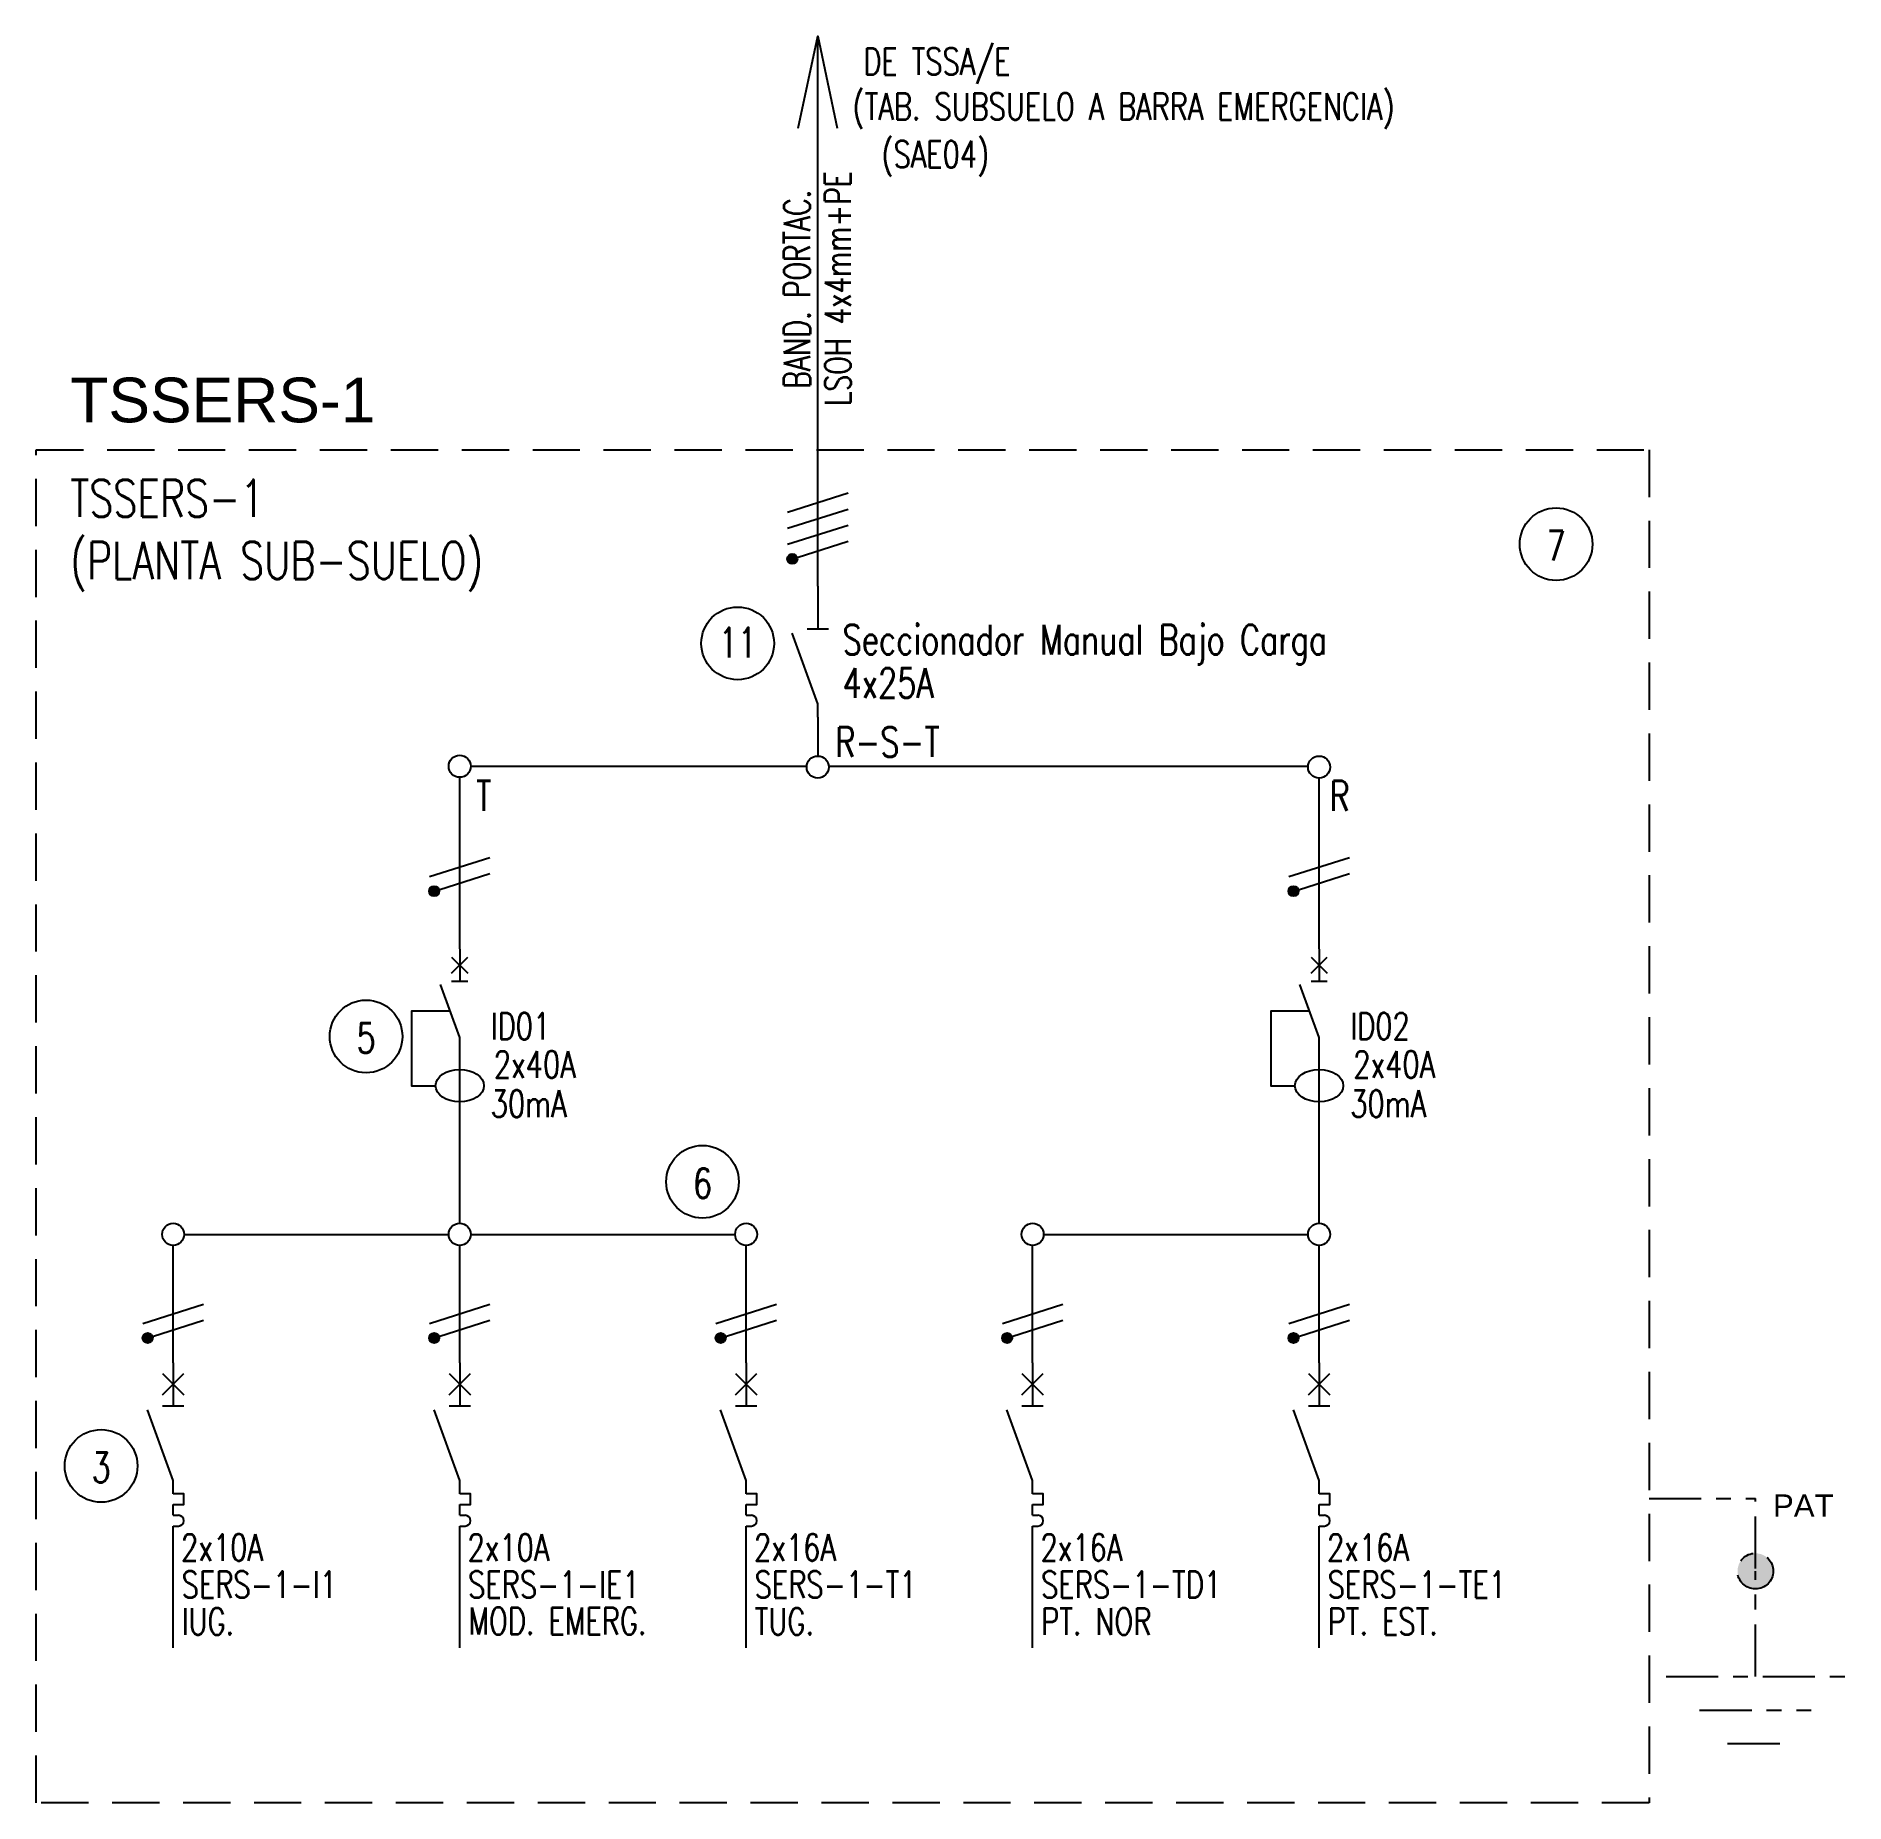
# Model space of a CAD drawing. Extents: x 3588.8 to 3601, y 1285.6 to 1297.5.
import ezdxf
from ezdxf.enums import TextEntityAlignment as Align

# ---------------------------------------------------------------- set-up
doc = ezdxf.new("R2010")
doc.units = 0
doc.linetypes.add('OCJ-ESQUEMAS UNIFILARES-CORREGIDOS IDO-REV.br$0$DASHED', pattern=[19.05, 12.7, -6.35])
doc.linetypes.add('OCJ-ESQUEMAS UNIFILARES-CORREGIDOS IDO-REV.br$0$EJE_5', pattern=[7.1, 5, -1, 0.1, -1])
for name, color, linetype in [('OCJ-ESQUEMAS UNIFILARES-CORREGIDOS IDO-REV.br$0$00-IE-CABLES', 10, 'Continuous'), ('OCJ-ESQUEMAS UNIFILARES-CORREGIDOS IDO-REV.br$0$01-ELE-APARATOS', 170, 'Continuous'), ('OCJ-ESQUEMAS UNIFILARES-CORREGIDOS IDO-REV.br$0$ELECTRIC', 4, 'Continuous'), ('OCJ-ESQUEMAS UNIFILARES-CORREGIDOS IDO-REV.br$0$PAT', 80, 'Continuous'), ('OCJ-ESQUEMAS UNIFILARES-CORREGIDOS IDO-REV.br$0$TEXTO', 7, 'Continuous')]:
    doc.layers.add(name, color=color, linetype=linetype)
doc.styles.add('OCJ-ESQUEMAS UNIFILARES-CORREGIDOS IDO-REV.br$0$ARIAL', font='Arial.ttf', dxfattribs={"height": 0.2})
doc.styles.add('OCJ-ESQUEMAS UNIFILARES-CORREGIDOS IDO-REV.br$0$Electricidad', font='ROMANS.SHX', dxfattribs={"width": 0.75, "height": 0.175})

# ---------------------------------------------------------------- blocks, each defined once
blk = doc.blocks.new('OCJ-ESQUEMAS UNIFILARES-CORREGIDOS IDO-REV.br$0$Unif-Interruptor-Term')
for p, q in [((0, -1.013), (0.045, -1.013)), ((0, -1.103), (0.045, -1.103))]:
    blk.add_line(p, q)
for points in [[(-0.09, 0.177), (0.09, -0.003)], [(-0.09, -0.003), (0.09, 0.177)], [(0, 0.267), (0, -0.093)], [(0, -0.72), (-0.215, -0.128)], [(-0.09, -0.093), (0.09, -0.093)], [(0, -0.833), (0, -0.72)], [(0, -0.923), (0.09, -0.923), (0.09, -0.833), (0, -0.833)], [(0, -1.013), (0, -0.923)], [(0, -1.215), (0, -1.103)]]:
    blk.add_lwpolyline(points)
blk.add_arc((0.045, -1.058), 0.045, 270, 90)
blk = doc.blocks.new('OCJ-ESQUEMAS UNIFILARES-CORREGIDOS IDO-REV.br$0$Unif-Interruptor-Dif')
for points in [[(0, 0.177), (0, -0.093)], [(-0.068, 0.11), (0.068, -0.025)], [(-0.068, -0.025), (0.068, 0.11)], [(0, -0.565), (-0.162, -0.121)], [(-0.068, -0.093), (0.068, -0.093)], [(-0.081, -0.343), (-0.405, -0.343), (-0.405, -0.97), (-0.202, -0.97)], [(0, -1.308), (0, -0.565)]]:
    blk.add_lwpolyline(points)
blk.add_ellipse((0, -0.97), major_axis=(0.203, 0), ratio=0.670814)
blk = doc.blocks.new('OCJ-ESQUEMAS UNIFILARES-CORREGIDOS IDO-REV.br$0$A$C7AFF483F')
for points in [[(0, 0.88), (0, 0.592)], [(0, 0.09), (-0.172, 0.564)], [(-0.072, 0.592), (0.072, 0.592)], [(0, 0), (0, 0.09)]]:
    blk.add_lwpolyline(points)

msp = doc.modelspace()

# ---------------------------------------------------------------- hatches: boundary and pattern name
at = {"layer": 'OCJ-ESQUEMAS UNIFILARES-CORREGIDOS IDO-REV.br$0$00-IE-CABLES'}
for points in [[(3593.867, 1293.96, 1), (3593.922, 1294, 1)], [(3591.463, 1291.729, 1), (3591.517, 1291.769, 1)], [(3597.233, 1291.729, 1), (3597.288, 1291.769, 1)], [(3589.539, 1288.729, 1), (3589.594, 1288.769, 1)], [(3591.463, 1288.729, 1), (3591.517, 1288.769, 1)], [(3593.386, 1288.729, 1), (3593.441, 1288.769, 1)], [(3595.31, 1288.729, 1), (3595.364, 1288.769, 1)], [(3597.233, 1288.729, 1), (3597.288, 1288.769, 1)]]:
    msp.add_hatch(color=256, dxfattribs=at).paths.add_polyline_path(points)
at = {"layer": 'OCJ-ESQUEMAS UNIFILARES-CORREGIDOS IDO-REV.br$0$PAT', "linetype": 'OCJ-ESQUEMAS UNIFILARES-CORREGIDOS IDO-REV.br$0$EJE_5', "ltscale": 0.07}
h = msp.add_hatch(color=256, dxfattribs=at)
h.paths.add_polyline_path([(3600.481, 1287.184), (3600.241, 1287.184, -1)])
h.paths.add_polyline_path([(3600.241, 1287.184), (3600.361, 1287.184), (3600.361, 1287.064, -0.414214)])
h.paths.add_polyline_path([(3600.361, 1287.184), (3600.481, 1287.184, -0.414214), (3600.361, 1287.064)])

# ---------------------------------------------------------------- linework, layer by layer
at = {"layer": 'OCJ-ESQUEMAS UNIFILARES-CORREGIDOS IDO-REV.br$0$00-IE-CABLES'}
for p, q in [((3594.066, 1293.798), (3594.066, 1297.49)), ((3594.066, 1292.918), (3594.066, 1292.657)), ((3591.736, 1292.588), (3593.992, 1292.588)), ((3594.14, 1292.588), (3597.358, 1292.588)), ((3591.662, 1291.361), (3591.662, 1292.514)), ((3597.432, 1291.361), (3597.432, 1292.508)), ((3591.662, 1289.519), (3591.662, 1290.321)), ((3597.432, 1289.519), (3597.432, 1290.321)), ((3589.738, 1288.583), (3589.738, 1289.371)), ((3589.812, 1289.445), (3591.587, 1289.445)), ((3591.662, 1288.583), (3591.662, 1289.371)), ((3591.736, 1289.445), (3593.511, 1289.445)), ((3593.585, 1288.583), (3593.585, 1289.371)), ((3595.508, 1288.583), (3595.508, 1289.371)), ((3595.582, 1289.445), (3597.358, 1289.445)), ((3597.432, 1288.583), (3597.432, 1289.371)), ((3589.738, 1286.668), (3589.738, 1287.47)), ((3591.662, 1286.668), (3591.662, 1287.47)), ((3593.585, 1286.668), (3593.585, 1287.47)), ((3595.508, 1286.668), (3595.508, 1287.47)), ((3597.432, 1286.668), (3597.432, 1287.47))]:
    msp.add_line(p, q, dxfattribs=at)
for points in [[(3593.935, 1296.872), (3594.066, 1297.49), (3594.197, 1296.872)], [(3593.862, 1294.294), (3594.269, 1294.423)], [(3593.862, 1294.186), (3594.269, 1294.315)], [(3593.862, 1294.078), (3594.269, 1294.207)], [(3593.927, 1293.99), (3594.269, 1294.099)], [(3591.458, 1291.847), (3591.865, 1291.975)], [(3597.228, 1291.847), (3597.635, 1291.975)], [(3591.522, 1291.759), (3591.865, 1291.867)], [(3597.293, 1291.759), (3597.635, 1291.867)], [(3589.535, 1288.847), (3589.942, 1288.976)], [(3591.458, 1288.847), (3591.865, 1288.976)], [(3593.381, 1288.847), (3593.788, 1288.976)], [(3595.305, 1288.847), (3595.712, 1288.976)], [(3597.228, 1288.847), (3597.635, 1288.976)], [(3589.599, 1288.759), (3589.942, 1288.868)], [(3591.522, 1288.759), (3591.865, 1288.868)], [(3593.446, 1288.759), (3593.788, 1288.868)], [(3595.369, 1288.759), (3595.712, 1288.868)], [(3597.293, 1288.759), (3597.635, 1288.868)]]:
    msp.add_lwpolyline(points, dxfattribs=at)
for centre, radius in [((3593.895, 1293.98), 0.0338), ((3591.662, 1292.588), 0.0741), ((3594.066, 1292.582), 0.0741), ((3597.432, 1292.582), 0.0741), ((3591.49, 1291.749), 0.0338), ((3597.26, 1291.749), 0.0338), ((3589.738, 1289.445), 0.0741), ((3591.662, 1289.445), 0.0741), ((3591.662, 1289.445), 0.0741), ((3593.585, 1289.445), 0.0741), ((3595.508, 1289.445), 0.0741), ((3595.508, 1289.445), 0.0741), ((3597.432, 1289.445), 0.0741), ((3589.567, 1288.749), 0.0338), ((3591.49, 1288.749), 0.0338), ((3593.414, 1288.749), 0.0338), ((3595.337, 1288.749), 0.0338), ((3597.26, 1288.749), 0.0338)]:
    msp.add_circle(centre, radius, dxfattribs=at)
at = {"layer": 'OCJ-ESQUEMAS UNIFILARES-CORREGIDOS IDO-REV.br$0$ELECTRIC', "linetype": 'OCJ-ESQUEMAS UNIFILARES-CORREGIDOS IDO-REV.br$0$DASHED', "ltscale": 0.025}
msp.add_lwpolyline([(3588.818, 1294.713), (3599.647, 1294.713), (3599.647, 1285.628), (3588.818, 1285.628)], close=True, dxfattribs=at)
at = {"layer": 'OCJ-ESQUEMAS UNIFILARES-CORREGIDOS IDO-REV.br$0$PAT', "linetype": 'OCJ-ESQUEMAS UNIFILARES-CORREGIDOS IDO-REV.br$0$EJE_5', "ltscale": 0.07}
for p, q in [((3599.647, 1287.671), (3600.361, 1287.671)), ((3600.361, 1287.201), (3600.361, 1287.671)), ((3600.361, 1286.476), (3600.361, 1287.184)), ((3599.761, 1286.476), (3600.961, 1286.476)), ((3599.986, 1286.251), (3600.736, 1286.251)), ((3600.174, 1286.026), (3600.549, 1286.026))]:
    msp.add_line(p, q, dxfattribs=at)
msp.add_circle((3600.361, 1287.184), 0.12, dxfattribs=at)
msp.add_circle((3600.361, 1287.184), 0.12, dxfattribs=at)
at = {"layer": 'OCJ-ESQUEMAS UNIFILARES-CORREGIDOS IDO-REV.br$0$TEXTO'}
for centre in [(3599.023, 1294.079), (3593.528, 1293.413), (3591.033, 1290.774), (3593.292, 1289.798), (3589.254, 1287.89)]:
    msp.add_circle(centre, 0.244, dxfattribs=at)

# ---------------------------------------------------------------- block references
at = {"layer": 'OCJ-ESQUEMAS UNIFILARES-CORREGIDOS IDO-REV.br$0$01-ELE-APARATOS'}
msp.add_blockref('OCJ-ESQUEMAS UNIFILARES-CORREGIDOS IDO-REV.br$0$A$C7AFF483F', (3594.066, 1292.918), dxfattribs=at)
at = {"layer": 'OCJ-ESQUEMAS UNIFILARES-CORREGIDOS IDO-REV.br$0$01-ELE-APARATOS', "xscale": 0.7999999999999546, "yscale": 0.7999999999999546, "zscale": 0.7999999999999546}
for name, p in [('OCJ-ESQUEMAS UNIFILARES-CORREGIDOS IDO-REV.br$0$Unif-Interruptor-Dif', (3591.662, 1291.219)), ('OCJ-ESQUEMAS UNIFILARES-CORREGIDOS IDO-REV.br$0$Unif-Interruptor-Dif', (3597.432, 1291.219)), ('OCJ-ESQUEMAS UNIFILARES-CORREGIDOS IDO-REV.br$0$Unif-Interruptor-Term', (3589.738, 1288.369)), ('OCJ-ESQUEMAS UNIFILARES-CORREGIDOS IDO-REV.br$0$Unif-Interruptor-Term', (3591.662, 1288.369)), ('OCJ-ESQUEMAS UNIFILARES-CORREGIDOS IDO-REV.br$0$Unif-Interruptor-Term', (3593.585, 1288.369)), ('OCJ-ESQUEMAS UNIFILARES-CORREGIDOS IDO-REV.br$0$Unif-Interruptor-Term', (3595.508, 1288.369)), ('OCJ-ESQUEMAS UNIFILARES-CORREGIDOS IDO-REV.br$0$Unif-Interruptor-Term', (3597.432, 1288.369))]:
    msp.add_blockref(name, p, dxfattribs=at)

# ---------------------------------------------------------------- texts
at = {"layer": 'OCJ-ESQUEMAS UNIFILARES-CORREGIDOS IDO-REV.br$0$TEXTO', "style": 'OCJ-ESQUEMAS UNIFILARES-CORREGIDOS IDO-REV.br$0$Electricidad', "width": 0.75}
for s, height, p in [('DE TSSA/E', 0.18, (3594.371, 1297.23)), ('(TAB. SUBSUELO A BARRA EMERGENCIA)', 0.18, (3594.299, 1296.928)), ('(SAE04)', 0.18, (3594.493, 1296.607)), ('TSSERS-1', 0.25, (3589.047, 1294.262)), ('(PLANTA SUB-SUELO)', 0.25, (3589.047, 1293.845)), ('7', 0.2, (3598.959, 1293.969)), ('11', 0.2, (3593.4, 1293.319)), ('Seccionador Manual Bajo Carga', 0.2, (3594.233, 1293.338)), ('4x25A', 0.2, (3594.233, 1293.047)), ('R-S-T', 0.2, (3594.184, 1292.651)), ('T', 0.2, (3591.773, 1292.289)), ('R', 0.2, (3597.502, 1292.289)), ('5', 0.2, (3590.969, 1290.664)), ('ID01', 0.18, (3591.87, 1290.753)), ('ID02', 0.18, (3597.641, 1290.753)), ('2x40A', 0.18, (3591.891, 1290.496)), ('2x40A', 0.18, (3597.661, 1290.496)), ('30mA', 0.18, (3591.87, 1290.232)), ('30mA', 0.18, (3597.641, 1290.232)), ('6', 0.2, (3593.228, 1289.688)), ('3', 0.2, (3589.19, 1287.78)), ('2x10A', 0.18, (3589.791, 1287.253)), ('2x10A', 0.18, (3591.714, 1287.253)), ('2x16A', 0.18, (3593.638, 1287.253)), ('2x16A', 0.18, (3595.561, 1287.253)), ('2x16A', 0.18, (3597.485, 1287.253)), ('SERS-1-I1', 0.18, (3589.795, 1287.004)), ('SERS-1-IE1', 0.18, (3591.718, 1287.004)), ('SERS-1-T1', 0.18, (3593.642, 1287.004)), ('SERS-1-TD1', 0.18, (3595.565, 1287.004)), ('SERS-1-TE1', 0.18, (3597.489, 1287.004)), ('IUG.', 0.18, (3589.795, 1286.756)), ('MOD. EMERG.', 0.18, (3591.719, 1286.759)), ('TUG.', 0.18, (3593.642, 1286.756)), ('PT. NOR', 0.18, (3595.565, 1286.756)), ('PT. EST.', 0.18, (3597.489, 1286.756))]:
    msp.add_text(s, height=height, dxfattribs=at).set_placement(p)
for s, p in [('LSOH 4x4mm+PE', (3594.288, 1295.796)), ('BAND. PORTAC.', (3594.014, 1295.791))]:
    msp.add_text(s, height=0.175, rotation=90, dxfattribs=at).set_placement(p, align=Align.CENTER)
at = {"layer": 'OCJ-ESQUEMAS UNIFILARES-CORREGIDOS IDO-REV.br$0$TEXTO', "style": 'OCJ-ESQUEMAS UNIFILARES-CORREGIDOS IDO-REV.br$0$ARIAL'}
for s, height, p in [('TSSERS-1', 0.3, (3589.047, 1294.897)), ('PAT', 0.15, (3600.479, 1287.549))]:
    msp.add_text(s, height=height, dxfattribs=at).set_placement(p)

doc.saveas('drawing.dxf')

------------------------------------------------------------

* _Your assignment_
Write out, word for word, the lines from the first line of the entries through the one containing "doc.units = 0", both included. Leave out the pictures.

* _Solution to the problem_
# Model space of a CAD drawing. Extents: x 3588.8 to 3601, y 1285.6 to 1297.5.
import ezdxf
from ezdxf.enums import TextEntityAlignment as Align

# ---------------------------------------------------------------- set-up
doc = ezdxf.new("R2010")
doc.units = 0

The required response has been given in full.